Subjectivité politique et expérience urbaine ordinaire dans les villes d’Afrique

REAF 2022
Circulations dans les Afriques, Afriques en circulation
Toulouse

Présentation

En Afrique, la question des relations entre ville et politique a été abordée en priorité à travers l’étude des conflits, des mobilisations et des luttes sociales (Siméant 2014). Ces moments parfois spectaculaires, où des tensions s’exposent dans l’espace public, ont à juste titre capté l’attention sur un continent où démocratisation et urbanisation progressent conjointement. La science politique, la sociologie des mouvements sociaux ou encore la géographie sociale se sont ainsi intéressées aux formes organisées et plus ou moins institutionnalisées de l’action politique collective : partis politiques, associations, syndicats, parlement de rue... (Banégas et al. 2012). Elles ont mis l’accent sur les revendications (mouvements du Balai citoyen au Burkina Faso, Y en a Marre au Sénégal, « Zuma must fall » en Afrique du Sud, ou marches Saba Saba au Kenya...), en particulier sur la construction de la citoyenneté.

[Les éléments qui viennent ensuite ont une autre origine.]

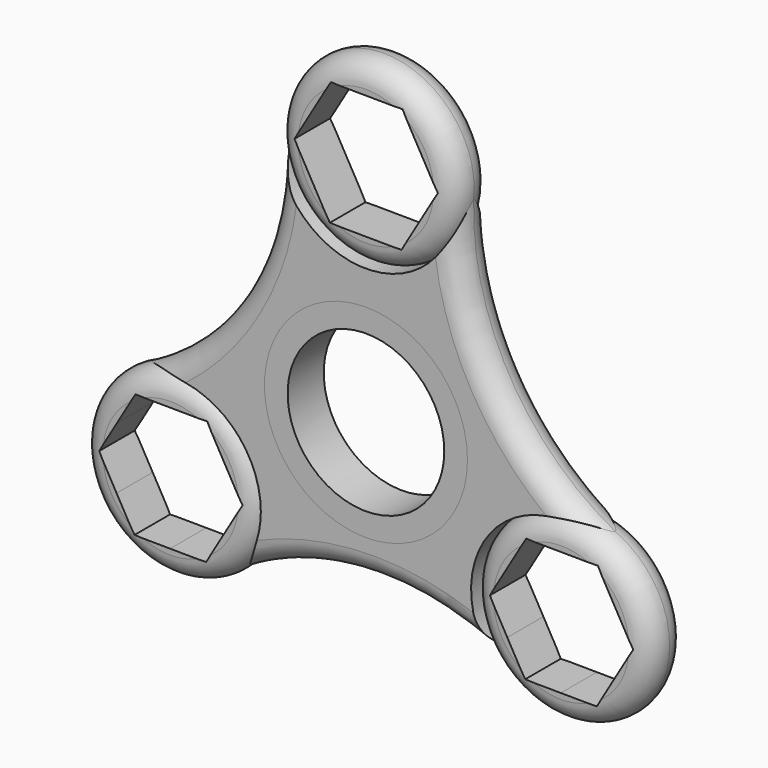
from build123d import *

# Parameters (mm, degrees)
F1_R     = 12.7
F4_DEPTH = 6.35
F2_R     = 14.2875
F0_R     = 12.7
F0_R_2   = 14.2875
F0_R_3   = 11.0236
F5_F1_R  = 3.175
F5_F2_R  = 3.175
F5_F3_R  = 3.175
F6_F1_R  = 3.1749
F6_F2_R  = 3.1749
F6_F3_R  = 3.1749


# Not quite as in the source:
# - a fillet or chamfer that OpenCascade refuses, or shapes differently, is made with other operations: its cross-section is extruded or revolved along the edge and cut away or added
# - a fillet or chamfer is up to 0.001 mm smaller than in the source, because OpenCascade refuses the exact size


with BuildPart() as f4:
    # F1 (on Front) → F4 (new body)
    with BuildSketch(Plane.XZ):
        with Locations((-27.4963065702, -15.875)):
            Circle(F1_R)
        Polygon((-22.3808230927, -7.1786769951), (-19.8940756321, -11.5678270844), (-17.4073281897, -15.9569771417), (-19.9650698809, -20.3051385633), (-22.5228116671, -24.6533001465), (-27.5673012489, -24.6123115725), (-32.6117900476, -24.5713230049), (-35.0985376675, -20.1821726344), (-37.5852849506, -15.7930228583), (-35.0275432594, -11.4448614367), (-32.4698014732, -7.0966998535), (-27.4253121544, -7.1376884253), align=None, mode=Mode.SUBTRACT)
    extrude(amount=F4_DEPTH)

    # F5#2: fillet of radius 3.175 on 1 edges, made by hand

    # F5_2_s1 → F5_2_t2 (revolve, cut)
    with BuildSketch(Plane.XY.offset(-15.875)):
        with BuildLine():
            ThreePointArc((-14.7963065702, -3.175), (-15.7262425399, -5.4200640303), (-17.9713065702, -6.35))
            Line((-17.9713065702, -6.35), (-14.7963065702, -6.35))
            Line((-14.7963065702, -6.35), (-14.7963065702, -3.175))
        make_face()
    revolve(axis=Axis((-27.4963065702, -6.35, -15.875), (0, -1, 0)), mode=Mode.SUBTRACT)

    # F6#3: fillet of radius 3.175 on 1 edges, made by hand

    # F6_3_s1 → F6_3_t2 (revolve, cut)
    with BuildSketch(Plane.XY.offset(-15.875)):
        with BuildLine():
            ThreePointArc((-14.7963065702, -3.175), (-15.7262425399, -0.9299359697), (-17.9713065702, 0))
            Line((-17.9713065702, 0), (-14.7963065702, 0))
            Line((-14.7963065702, 0), (-14.7963065702, -3.175))
        make_face()
    revolve(axis=Axis((-27.4963065702, 0, -15.875), (0, -1, 0)), mode=Mode.SUBTRACT)


with BuildPart() as f4b:
    # F1 (on Front) → F4, piece 2 (new body)
    with BuildSketch(Plane.XZ):
        with Locations((27.4963065702, -15.875)):
            Circle(F1_R)
        Polygon((32.6117900476, -7.1786769951), (35.0985372903, -11.5678266998), (37.5852849506, -15.9569771417), (35.0275432594, -20.3051385633), (32.4698014732, -24.6533001465), (27.4253122046, -24.6123115751), (22.3808230927, -24.5713230049), (19.8940755771, -20.1821728184), (17.4073281897, -15.7930228583), (19.9650701204, -11.4448610295), (22.5228116671, -7.0966998535), (27.5673012991, -7.1376884279), align=None, mode=Mode.SUBTRACT)
    extrude(amount=F4_DEPTH)

    # F5#3: fillet of radius 3.175 on 1 edges, made by hand

    # F5_3_s1 → F5_3_t2 (revolve, cut)
    with BuildSketch(Plane.XY.offset(-15.875)):
        with BuildLine():
            ThreePointArc((40.1963065702, -3.175), (39.2663706004, -5.4200640303), (37.0213065702, -6.35))
            Line((37.0213065702, -6.35), (40.1963065702, -6.35))
            Line((40.1963065702, -6.35), (40.1963065702, -3.175))
        make_face()
    revolve(axis=Axis((27.4963065702, -6.35, -15.875), (0, -1, 0)), mode=Mode.SUBTRACT)

    # F6#2: fillet of radius 3.175 on 1 edges, made by hand

    # F6_2_s1 → F6_2_t2 (revolve, cut)
    with BuildSketch(Plane.XY.offset(-15.875)):
        with BuildLine():
            ThreePointArc((40.1963065702, -3.175), (39.2663706004, -0.9299359697), (37.0213065702, 0))
            Line((37.0213065702, 0), (40.1963065702, 0))
            Line((40.1963065702, 0), (40.1963065702, -3.175))
        make_face()
    revolve(axis=Axis((27.4963065702, 0, -15.875), (0, -1, 0)), mode=Mode.SUBTRACT)


with BuildPart() as f4c:
    # F2 (on Front) → F4, piece 3 (new body)
    with BuildSketch(Plane.XZ):
        with BuildLine():
            ThreePointArc((-32.4698014732, -4.189352887), (-20.4917860751, -5.2812899495), (-14.7963065702, -15.875))
            ThreePointArc((-14.7963065702, -15.875), (-15.7397207314, -20.6784039405), (-18.4298009663, -24.768170196))
            ThreePointArc((-18.4298009663, -24.768170196), (-1.0309003528, -19.4158776432), (16.8542129011, -22.8057894455))
            ThreePointArc((16.8542129011, -22.8057894455), (17.7865075947, -7.6890483842), (32.5279818117, -4.2142862884))
            ThreePointArc((32.5279818117, -4.2142862884), (17.6527755106, 10.2318394169), (12.622369648, 30.3479356399))
            ThreePointArc((12.622369648, 30.3479356399), (0.0015548934, 19.0500000952), (-12.6220259529, 30.344844904))
            ThreePointArc((-12.6220259529, 30.344844904), (-17.6352111398, 10.2554270159), (-32.4698014732, -4.189352887))
        make_face()
        Circle(F2_R, mode=Mode.SUBTRACT)
    extrude(amount=F4_DEPTH)

    # F5: fillet of radius 3.175 on 3 edges, made by hand

    # F5_f1
    f5_f1_edges = [f4c.edges().sort_by_distance(p)[0] for p in [
        (-1.0309003528, -6.35, -19.4158776432),
    ]]
    fillet(f5_f1_edges, radius=F5_F1_R)

    # F5_f2
    f5_f2_edges = [f4c.edges().sort_by_distance(p)[0] for p in [
        (17.6527755106, -6.35, 10.2318394169),
    ]]
    fillet(f5_f2_edges, radius=F5_F2_R)

    # F5_f3
    f5_f3_edges = [f4c.edges().sort_by_distance(p)[0] for p in [
        (-17.6352111398, -6.35, 10.2554270159),
    ]]
    fillet(f5_f3_edges, radius=F5_F3_R)

    # F6: fillet of radius 3.175 on 3 edges, made by hand

    # F6_f1 (radius 3.175 in the source; OpenCascade refuses exactly that, so slightly less here)
    f6_f1_edges = [f4c.edges().sort_by_distance(p)[0] for p in [
        (-1.0309003528, 0, -19.4158776432),
    ]]
    fillet(f6_f1_edges, radius=F6_F1_R)

    # F6_f2 (radius 3.175 in the source; OpenCascade refuses exactly that, so slightly less here)
    f6_f2_edges = [f4c.edges().sort_by_distance(p)[0] for p in [
        (-17.6352111398, 0, 10.2554270159),
    ]]
    fillet(f6_f2_edges, radius=F6_F2_R)

    # F6_f3 (radius 3.175 in the source; OpenCascade refuses exactly that, so slightly less here)
    f6_f3_edges = [f4c.edges().sort_by_distance(p)[0] for p in [
        (17.6527755106, 0, 10.2318394169),
    ]]
    fillet(f6_f3_edges, radius=F6_F3_R)


with BuildPart() as f4d:
    # F0 (on Front) → F4, piece 4 (new body)
    with BuildSketch(Plane.XZ):
        with Locations((0, 31.75)):
            Circle(F0_R)
        Polygon((5.1154834774, 40.4463230049), (10.0889783805, 31.6680228583), (4.973494903, 22.9716998535), (-5.1154834774, 23.0536769951), (-10.0889783805, 31.8319771417), (-4.973494903, 40.5283001465), align=None, mode=Mode.SUBTRACT)
    extrude(amount=F4_DEPTH)

    # F5#4: fillet of radius 3.175 on 1 edges, made by hand

    # F5_4_s1 → F5_4_t2 (revolve, cut)
    with BuildSketch(Plane.XY.offset(31.75)):
        with BuildLine():
            ThreePointArc((12.7, -3.175), (11.7700640303, -5.4200640303), (9.525, -6.35))
            Line((9.525, -6.35), (12.7, -6.35))
            Line((12.7, -6.35), (12.7, -3.175))
        make_face()
    revolve(axis=Axis((0, -6.35, 31.75), (0, -1, 0)), mode=Mode.SUBTRACT)

    # F6#4: fillet of radius 3.175 on 1 edges, made by hand

    # F6_4_s1 → F6_4_t2 (revolve, cut)
    with BuildSketch(Plane.XY.offset(31.75)):
        with BuildLine():
            ThreePointArc((12.7, -3.175), (11.7700640303, -0.9299359697), (9.525, 0))
            Line((9.525, 0), (12.7, 0))
            Line((12.7, 0), (12.7, -3.175))
        make_face()
    revolve(axis=Axis((0, 0, 31.75), (0, -1, 0)), mode=Mode.SUBTRACT)


with BuildPart() as f4e:
    # F0 (on Front) → F4, piece 5 (new body)
    with BuildSketch(Plane.XZ):
        Circle(F0_R_2)
        Circle(F0_R_3, mode=Mode.SUBTRACT)
    extrude(amount=F4_DEPTH)


solid = Compound([f4.part, f4b.part, f4c.part, f4d.part, f4e.part])

En revanche, le rôle de la ville dans la construction des subjectivités politiques, qui commence à être exploré en études urbaines (Boudreau et al. 2009), a été moins traité en Afrique. Des travaux émergent (Morange 2016 ; Fourchard 2018 ; Morange et al. 2018 ; van Overbeek et Tamás 2018 ; Lindell et al. 2019) embrassent notamment cette perspective. Dans la lignée des travaux de Michel Foucault, ils définissent la subjectivité politique comme un processus de construction du rapport du sujet à l’ordre politique et social. Ce processus passe par la production de conduites ordinaires, au sens de régulières et banales, parfois inscrites dans le temps long. De manière transversale aux classes sociales, elles témoignent de formes d’intériorisation/contestation des normes, intéressant l’individu en tant qu’il est pris dans un collectif socialisant.

Ce panel éclairera, par des études de cas concrètes, plusieurs modalités de la construction du rapport au politique à travers l’expérience urbaine ordinaire en Afrique :

- Les formes de régulation ou d’encadrement socio-politiques par des intermédiaires/médiateurs (groupes religieux et d’entraide, youth groups, syndics de copropriété, syndicats de transporteurs, travailleurs sociaux...) ou par des interfaces bureaucratiques (street level bureaucracy, bureaucratie d’interface, Olivier de Sardan 2004).

- Les pratiques urbaines qui façonnent le rapport à la norme sociale : loisirs (malls, clubs, bars, sport...) (Houssay-Holzschuch 2009 ; Connan 2016 ; Sundberg 2017), socialisation par lamobilité (marche, transports en commun) (Rizzo 2017), rapport à l’espace public et exposition de soi (Malaquais et Marchal 2005).

- Les sociabilités qui s’élaborent dans des espaces de rencontre, physiques, virtuels ou hybrides, propices à des confrontations/conformations à des normes, valeurs, aspirations (groupes de parole, salons de coiffure ...) (Boyer 2014 ; Vincourt et Kouyaté 2012 ; Masquelier 2013 ; Lefebvre 2019).

- La transmission/contestation de normes dans la sphère domestique (Politique africaine 2019), familiale et intime (redevabilité, attentes sociales, relations intergénérationnelles, apprentissage des rôles sociaux au sein de la famille ...) (Mercer et Lemanski 2020).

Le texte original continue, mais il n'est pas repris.